Applications of Duality Theory - Quadratic Programming

Duality theory can simplify and speed up optimization problems by recasting the optimization problem into a possibly easy optimization problem. In this short post, I will show how a general positive definite inequality constrained quadratic program can be recast into a simple quadratic program constrained only on the positive orthant (vectors with positive coefficients).

Let us look at our optimization problem of interest, the inequality constrained strictly convex quadratic program.

\[\min_x \frac{1}{2}x^T Q x - b^Tx\] \[\text{s.t.: } Ax \leq c\]

This optimization problem is equivalent to the following,

\[\max_{\lambda\geq \theta}\min_x \{\frac{1}{2}x^T Q x - b^Tx +\lambda^T(Ax - c)\}\]

The inner minimization is now unconstrained, and we can write x in terms of $\lambda$ using normal calculus.

\[x = Q^{-1}(b^T-A^T\lambda)\]

We can resubstitute this back into the expression, and we can derive the following optimization problem in terms of $\lambda$.

\[\min_\lambda \frac{1}{2}\lambda^T P \lambda + d^T\lambda\] \[\text{s.t.: } \lambda_i \geq 0\] \[P = AQ^{-1}A^T\] \[d = c - AQ^{-1}b\]

There are many instances where problems with few optimization variables and many constraints would prefer the dual problem. The dual problem has the same number of constraints, but they are straightforward and computationally efficient to handle. Additionally, it is trivial to solve for a feasible point as one can pick any positive vector, and it is feasible. We can solve this with gradient descent with a correction step, i.e., whenever gradient decent pushes $\lambda_i\leq 0$, we set it to 0. It makes it rather simple to solve inequality constrained QPs. This is all on the assumption that the original problem is feasible!

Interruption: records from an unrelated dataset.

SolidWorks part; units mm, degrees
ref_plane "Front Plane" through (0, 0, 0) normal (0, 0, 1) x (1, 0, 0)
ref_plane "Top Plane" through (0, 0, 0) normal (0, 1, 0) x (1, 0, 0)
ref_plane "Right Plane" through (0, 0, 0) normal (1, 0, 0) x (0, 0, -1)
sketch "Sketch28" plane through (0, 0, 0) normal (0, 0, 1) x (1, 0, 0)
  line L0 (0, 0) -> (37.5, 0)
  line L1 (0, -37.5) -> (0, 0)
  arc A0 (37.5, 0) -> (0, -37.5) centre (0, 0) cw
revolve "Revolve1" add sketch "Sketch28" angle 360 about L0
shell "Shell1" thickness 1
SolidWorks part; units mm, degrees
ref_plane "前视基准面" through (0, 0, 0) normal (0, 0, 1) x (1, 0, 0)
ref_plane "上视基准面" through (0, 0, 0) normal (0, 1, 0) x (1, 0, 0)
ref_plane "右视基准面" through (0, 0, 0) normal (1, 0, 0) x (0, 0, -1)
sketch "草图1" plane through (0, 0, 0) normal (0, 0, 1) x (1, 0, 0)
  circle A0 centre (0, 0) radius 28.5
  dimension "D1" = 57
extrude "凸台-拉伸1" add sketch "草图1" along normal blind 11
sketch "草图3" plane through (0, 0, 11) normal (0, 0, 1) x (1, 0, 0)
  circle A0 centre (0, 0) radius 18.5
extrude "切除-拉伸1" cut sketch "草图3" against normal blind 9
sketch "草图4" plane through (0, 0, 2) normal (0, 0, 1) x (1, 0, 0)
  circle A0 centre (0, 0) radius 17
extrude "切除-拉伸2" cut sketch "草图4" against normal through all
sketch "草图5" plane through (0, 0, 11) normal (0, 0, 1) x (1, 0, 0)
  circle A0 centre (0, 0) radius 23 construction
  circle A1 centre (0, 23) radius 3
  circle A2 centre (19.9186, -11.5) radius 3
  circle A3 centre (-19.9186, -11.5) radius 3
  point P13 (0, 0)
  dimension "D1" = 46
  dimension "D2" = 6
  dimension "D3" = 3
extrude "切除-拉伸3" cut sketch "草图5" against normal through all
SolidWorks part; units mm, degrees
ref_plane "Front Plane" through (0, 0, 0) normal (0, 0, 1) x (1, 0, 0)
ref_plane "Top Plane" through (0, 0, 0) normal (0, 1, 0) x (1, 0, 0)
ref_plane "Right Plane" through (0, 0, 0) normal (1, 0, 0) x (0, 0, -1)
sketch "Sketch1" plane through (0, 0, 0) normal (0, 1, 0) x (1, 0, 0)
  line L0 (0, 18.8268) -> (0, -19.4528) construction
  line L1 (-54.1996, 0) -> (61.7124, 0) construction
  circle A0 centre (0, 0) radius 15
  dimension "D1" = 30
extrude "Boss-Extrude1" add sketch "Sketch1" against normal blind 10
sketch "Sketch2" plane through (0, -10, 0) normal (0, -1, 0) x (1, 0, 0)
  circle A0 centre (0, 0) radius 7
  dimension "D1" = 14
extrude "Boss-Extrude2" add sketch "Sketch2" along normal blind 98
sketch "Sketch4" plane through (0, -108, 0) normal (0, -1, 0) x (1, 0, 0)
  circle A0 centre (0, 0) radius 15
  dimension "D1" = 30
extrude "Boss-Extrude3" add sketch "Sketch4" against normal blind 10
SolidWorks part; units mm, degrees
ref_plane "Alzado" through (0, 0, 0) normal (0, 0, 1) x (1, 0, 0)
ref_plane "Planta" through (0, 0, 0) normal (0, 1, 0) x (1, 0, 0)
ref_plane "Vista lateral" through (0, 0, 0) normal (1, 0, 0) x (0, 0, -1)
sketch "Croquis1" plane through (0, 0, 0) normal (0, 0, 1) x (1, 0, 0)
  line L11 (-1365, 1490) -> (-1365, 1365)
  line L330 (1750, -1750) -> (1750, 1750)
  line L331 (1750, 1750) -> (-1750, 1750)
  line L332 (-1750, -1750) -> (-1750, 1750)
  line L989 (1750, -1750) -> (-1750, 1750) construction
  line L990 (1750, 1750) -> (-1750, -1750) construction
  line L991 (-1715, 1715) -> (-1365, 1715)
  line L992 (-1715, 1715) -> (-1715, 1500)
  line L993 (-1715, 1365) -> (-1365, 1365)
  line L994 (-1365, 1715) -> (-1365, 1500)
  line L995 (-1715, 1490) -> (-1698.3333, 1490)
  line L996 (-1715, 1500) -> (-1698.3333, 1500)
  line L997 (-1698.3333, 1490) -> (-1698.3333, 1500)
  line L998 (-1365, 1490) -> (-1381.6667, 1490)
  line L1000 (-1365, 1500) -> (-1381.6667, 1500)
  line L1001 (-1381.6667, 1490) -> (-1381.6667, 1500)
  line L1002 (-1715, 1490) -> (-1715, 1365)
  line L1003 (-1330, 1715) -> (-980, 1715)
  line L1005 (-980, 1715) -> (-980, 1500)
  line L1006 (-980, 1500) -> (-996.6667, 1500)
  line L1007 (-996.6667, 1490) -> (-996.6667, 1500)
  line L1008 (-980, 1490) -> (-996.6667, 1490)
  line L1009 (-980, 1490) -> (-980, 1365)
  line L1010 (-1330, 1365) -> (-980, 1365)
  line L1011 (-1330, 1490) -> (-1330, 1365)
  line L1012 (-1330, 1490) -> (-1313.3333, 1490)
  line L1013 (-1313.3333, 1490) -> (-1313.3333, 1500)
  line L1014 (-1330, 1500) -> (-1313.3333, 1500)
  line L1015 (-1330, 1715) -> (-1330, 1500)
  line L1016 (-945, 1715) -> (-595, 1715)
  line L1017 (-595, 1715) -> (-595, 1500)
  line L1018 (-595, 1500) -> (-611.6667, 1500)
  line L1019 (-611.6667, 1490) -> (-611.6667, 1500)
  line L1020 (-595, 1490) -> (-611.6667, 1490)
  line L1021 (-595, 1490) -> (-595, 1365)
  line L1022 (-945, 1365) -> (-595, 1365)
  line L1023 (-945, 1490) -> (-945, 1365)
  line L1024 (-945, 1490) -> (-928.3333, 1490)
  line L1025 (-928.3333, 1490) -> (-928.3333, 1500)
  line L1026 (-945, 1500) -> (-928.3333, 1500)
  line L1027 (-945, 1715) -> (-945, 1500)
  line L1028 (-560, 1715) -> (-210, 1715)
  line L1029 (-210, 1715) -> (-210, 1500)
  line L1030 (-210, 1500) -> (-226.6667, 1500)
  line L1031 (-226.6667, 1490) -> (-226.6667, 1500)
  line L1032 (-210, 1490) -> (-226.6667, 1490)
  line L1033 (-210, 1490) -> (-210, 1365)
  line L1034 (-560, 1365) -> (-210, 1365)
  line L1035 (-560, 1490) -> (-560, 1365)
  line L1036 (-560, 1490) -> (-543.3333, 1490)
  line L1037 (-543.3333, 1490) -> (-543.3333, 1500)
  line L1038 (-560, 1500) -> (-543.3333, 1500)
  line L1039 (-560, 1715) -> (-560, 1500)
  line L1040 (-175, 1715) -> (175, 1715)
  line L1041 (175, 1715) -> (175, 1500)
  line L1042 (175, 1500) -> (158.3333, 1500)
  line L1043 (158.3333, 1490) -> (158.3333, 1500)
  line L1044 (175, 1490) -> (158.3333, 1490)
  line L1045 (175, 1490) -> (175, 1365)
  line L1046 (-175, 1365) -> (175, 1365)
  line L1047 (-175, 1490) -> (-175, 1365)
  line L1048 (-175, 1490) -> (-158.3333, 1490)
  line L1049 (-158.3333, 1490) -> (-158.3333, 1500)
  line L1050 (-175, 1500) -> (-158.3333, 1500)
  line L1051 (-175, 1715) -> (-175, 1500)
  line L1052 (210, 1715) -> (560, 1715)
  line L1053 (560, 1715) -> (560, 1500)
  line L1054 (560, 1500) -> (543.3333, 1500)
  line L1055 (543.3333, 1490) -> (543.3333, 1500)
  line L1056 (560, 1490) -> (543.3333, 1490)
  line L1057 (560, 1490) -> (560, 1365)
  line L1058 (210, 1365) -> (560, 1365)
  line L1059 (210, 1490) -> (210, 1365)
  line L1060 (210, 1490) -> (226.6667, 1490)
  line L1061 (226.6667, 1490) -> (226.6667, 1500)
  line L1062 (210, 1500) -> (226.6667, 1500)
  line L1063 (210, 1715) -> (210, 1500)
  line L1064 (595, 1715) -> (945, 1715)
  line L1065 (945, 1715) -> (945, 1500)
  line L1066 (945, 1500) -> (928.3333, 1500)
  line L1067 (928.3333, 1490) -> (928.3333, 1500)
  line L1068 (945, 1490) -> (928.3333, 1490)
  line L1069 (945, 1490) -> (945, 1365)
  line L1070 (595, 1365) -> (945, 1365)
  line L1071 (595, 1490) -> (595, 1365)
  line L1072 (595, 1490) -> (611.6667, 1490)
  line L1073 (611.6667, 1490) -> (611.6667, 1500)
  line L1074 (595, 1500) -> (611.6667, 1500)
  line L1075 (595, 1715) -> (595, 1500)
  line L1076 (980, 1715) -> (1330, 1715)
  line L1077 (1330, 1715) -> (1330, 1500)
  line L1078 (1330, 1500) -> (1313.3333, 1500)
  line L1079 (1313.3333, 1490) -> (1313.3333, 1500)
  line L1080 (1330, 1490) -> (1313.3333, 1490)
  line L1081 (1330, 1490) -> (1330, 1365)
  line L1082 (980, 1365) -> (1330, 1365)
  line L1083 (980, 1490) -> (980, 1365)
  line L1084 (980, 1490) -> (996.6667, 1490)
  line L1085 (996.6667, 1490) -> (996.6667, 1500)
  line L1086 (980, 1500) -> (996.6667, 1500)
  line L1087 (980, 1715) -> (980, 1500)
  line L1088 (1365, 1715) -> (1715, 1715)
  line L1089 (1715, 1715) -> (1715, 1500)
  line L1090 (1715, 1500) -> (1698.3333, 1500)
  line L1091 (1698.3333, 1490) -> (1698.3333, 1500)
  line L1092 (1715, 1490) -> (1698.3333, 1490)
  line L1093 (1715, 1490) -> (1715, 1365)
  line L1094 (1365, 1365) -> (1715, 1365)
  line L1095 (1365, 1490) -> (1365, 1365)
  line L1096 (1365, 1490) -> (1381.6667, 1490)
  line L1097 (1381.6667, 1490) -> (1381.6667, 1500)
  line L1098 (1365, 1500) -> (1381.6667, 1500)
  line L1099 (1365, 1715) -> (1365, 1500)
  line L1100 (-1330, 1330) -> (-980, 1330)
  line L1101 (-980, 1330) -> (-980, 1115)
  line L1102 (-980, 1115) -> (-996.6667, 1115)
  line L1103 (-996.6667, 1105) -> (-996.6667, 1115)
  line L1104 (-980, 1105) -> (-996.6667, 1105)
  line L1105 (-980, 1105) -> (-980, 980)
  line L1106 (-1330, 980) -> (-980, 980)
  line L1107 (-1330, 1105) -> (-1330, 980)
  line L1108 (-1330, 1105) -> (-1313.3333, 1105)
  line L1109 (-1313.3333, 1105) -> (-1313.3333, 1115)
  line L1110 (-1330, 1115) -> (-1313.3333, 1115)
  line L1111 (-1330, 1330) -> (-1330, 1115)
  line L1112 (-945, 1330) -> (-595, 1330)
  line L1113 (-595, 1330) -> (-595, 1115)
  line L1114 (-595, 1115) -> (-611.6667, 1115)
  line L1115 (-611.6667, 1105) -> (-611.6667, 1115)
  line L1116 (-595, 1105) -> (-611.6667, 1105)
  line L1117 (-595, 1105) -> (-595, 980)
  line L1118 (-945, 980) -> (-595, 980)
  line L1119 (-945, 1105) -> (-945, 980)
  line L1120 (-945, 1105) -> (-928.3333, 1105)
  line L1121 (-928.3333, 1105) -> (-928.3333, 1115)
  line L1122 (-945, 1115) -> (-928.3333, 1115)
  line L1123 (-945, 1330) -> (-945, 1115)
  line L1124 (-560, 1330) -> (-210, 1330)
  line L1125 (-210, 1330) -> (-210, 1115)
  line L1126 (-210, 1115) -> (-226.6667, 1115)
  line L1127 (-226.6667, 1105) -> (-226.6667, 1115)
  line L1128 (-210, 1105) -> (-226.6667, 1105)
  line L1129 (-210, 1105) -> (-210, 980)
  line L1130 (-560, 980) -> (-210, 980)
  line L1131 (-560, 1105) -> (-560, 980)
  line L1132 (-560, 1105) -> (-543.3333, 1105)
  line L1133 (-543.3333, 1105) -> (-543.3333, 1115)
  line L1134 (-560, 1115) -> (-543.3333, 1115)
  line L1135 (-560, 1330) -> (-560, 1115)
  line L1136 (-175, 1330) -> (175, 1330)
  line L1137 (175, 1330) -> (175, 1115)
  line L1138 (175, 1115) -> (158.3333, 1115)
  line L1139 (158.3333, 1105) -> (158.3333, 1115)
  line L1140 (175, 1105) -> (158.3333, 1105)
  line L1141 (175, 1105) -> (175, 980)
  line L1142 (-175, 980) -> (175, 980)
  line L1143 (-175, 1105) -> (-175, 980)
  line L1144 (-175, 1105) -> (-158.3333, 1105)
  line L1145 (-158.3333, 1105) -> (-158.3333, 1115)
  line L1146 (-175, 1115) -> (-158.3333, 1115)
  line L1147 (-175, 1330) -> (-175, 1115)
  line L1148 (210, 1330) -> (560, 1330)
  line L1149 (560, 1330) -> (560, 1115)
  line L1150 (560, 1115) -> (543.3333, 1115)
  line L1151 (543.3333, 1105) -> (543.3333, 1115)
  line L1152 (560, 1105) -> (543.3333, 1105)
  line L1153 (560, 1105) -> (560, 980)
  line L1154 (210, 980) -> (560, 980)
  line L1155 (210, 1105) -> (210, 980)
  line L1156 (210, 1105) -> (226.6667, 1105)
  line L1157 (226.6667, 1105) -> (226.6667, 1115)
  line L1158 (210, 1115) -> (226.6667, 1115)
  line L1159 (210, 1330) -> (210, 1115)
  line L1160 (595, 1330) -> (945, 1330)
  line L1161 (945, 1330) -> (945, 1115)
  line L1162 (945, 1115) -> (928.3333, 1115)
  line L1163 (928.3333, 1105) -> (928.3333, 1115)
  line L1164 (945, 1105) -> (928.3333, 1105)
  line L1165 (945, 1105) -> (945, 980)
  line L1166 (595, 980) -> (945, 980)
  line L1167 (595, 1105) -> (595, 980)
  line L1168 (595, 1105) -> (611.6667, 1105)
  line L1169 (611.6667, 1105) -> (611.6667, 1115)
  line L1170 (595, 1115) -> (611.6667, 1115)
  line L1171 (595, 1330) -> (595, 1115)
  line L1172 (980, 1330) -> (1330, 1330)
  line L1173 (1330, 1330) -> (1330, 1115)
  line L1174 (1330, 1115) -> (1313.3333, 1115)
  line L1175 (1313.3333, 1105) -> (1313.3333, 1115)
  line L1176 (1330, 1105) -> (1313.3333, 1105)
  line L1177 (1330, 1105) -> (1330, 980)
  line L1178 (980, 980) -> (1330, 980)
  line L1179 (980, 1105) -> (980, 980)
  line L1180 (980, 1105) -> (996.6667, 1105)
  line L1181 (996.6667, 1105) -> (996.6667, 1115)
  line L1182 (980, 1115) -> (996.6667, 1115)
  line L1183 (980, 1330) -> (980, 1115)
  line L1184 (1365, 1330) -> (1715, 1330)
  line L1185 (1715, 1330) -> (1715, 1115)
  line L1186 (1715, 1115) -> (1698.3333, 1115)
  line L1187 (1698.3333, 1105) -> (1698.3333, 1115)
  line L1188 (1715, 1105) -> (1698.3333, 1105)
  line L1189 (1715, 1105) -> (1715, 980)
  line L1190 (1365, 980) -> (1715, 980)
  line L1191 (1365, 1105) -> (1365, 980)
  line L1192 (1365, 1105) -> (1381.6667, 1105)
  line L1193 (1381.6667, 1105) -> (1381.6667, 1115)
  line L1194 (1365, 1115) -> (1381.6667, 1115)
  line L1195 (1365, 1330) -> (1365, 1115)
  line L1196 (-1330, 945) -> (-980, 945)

As always, here is the source code for this algorithm.


def solve_dual_qp(Q: numpy.ndarray, b: numpy.ndarray, A:numpy.ndarray, c:numpy.ndarray, max_iter:int = 10**3)-> numpy.ndarray:
    
    #cache inverse Q
    Q_inv = numpy.linalg.inv(Q)
    P = A@Q_inv@A.T
    d = c - A@Q_inv@b
    
    
    #initialize the lambda vector
    l = numpy.ones((P.shape[0], 1))
    print(l)
    print(P)
    #create a list to store our lagrange multipliers sequence 
    l_list = list()
    l_list.append(l)
    
    for i in range(max_iter):
        
        #calculate the gradient of the QP
        del_f = P @ l + d
        print(del_f)
        #calculate the step size 
        alpha = del_f.T @ del_f / (del_f.T @ P @ del_f)
        
        #take the step
        l = l - alpha*del_f
        
        #correct for violations of the bounds
        l = numpy.maximum(l, numpy.zeros_like(l))
        
        #add to the list
        l_list.append(l)
        
        #check termination criteria, if lagrange multipliers have rel diff less then 10E-10 terminate
        if numpy.sum(numpy.abs(l_list[-1] - l_list[-2])) < 10**-10:
            break
    
    return -Q_inv@(b - A.T@l)

Here is a simple unit box constrained problem with an unconstrained optimal point of (10,10). Here we can see it arrives at the correct answer of (1,1), the constrained optimal point.

Q = numpy.eye(2)
A = numpy.block([[-numpy.eye(2)], [numpy.eye(2)]])
b = numpy.zeros((2,1)) - 10
c = numpy.ones((4, 1))

solve_dual_qp(Q, b, A,  c, 100)

Without using any licensed code or packages, we can modify one of the simplest optimization methods to solve a challenging class of optimization problems!